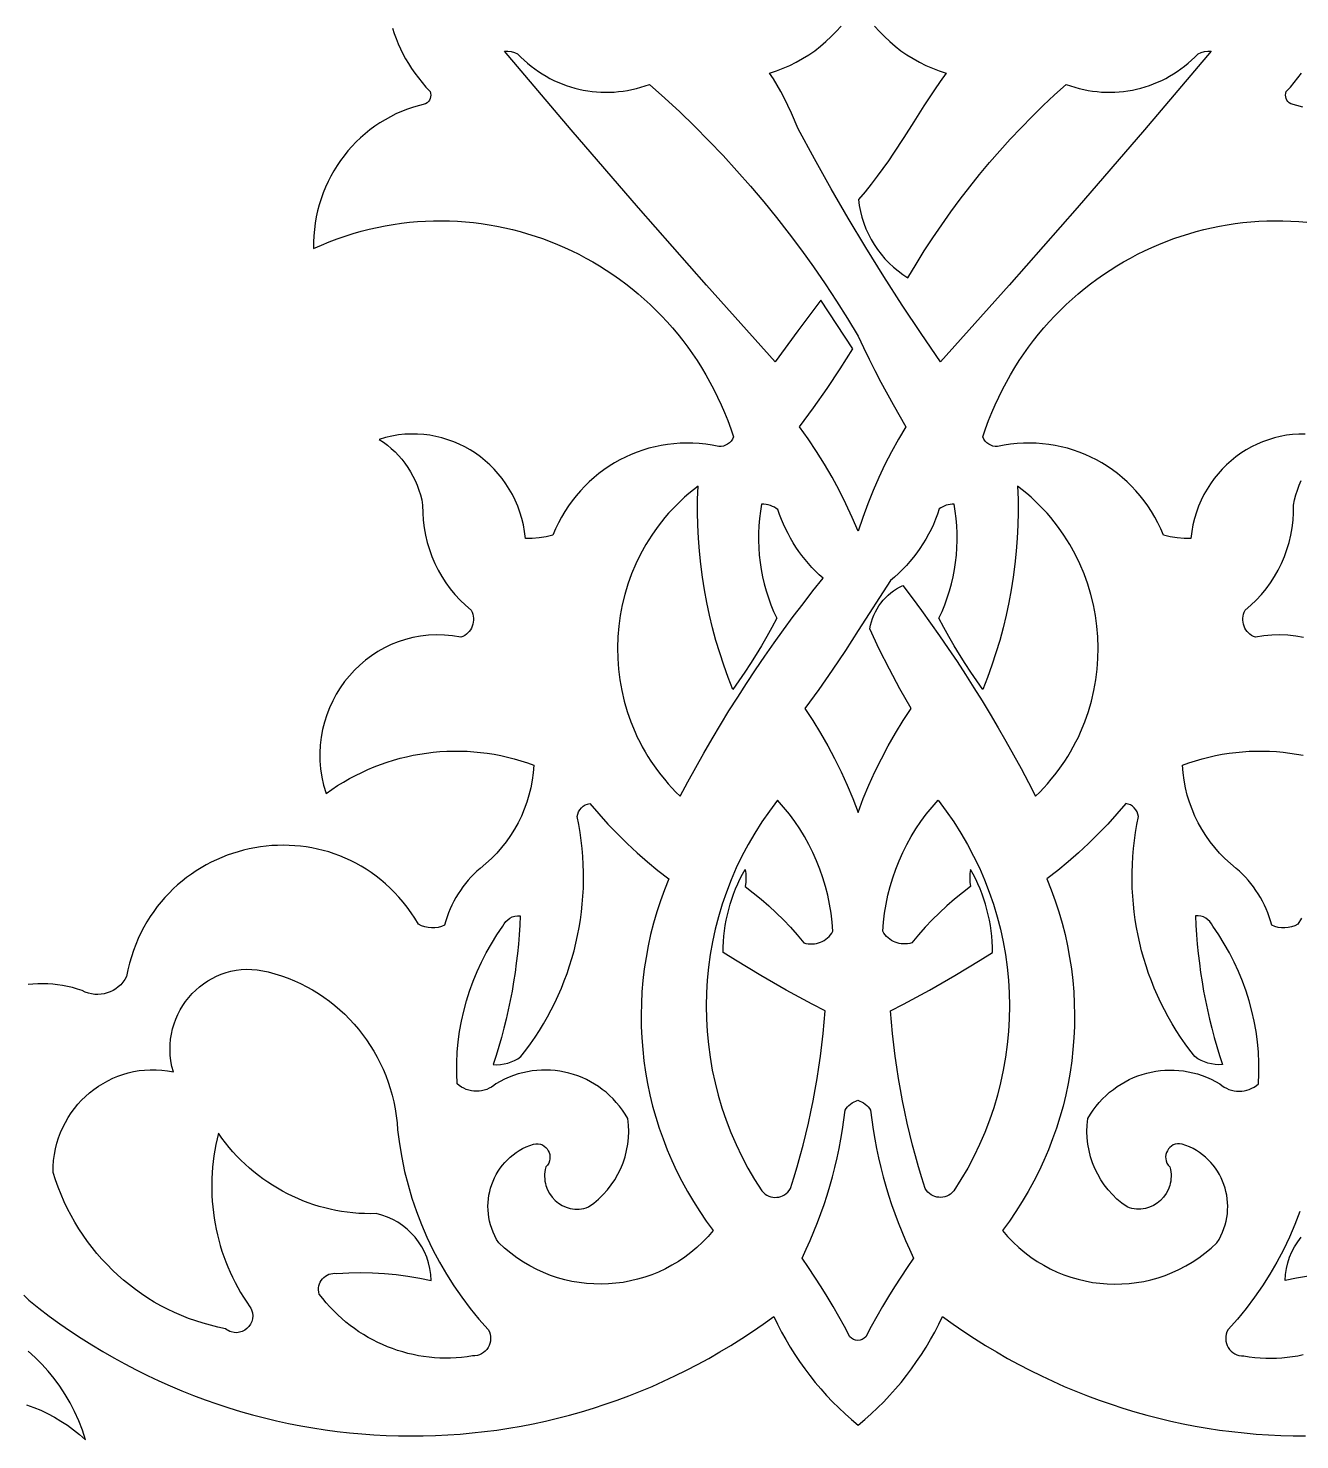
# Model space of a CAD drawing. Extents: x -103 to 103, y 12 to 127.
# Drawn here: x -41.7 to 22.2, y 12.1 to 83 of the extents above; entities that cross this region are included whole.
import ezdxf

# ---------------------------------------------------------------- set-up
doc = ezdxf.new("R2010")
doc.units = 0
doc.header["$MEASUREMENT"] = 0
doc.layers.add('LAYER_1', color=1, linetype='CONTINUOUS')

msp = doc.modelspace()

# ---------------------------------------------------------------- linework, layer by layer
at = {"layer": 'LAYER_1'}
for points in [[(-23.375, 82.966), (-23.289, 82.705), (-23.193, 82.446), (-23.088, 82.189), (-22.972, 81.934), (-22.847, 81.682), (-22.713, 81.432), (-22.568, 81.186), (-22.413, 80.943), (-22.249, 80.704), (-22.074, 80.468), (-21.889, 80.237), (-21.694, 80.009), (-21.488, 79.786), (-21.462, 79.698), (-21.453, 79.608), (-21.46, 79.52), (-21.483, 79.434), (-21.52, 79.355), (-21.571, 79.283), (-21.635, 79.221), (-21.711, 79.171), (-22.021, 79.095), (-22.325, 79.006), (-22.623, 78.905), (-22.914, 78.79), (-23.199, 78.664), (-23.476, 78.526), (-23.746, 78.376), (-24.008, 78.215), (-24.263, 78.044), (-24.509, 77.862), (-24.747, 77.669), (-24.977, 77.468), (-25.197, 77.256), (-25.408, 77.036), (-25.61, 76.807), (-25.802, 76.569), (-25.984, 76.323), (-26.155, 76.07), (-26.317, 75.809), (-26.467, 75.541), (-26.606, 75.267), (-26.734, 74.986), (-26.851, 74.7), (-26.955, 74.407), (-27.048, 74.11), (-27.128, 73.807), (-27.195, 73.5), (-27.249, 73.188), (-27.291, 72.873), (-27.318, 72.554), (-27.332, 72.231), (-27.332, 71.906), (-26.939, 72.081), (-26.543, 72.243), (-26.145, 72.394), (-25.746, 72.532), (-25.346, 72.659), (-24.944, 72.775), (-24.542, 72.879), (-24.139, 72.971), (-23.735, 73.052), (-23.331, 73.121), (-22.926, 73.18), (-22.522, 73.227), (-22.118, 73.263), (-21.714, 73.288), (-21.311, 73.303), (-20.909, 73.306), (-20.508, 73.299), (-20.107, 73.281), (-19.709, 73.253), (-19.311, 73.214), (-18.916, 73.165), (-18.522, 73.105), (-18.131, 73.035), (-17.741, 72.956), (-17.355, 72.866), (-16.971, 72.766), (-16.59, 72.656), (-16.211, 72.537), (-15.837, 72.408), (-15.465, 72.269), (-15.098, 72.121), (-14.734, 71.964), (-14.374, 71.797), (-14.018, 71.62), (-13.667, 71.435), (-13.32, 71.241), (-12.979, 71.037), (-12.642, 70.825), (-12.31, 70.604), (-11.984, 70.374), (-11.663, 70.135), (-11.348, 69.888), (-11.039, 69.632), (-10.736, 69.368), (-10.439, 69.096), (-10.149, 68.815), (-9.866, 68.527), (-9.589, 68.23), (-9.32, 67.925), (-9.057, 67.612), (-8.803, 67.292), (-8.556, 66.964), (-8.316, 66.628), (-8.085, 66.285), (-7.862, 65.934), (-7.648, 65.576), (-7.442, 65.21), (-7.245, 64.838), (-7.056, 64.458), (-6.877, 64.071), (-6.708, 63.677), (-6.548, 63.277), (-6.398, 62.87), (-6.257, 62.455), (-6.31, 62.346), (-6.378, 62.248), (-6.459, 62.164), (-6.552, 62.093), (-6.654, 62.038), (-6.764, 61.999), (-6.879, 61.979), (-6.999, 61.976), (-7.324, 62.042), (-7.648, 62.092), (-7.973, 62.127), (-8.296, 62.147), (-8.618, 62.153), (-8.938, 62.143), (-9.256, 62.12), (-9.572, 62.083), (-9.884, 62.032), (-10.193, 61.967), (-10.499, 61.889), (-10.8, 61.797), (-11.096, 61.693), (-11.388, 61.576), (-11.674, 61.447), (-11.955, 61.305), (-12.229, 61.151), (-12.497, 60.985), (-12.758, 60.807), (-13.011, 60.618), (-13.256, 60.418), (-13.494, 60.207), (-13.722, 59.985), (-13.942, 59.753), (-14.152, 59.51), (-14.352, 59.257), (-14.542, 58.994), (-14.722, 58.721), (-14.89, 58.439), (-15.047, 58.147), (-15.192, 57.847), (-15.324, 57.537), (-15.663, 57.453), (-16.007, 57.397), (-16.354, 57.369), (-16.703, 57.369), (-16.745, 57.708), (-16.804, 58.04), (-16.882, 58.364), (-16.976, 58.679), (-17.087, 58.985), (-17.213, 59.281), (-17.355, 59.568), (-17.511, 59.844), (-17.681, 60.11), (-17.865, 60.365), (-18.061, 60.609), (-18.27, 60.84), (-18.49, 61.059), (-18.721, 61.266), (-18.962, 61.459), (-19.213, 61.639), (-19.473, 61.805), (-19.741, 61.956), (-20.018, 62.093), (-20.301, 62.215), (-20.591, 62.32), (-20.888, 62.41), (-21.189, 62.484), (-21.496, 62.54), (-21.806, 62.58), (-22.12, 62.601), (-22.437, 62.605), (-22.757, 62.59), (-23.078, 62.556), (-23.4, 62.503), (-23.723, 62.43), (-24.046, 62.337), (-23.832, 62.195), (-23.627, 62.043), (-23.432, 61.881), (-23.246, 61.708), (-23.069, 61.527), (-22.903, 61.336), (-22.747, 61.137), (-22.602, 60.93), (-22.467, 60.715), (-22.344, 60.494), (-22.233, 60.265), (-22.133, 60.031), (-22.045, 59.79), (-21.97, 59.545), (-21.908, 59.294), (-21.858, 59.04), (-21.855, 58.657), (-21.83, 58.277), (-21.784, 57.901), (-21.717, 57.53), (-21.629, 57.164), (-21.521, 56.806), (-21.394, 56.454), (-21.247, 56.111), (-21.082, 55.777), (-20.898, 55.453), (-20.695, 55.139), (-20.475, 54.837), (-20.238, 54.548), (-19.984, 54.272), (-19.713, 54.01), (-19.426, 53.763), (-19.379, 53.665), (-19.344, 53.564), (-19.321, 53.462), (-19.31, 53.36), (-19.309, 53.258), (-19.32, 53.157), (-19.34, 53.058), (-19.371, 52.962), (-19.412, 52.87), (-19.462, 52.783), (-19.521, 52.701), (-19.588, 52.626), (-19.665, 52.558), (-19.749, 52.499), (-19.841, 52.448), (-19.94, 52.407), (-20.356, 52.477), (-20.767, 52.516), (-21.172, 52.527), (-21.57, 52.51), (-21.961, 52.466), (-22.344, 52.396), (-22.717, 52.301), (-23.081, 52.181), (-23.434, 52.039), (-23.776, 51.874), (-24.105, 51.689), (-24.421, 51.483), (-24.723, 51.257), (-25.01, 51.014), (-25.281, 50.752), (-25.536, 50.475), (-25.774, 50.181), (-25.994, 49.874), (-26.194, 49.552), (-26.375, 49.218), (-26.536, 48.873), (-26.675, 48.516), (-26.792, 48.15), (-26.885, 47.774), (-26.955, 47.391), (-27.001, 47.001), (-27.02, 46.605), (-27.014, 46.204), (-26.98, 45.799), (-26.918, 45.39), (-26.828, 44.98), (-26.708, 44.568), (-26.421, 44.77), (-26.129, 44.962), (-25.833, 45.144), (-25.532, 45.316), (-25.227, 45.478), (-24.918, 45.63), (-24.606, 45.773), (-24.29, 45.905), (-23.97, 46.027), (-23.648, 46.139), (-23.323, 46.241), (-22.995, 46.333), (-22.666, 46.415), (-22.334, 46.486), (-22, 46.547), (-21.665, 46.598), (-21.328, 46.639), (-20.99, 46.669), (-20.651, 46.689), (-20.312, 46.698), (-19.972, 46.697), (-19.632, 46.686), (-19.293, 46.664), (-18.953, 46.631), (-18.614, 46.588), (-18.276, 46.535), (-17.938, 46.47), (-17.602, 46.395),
※ ※ ※
### Exercise
Repeat the lines of the listing above verbatim, beginning at its first line and ending at the line containing "layer by layer", which is included. Omit pictures.

### Exercise output
# Model space of a CAD drawing. Extents: x -103 to 103, y 12 to 127.
# Drawn here: x -41.7 to 22.2, y 12.1 to 83 of the extents above; entities that cross this region are included whole.
import ezdxf

# ---------------------------------------------------------------- set-up
doc = ezdxf.new("R2010")
doc.units = 0
doc.header["$MEASUREMENT"] = 0
doc.layers.add('LAYER_1', color=1, linetype='CONTINUOUS')

msp = doc.modelspace()

# ---------------------------------------------------------------- linework, layer by layer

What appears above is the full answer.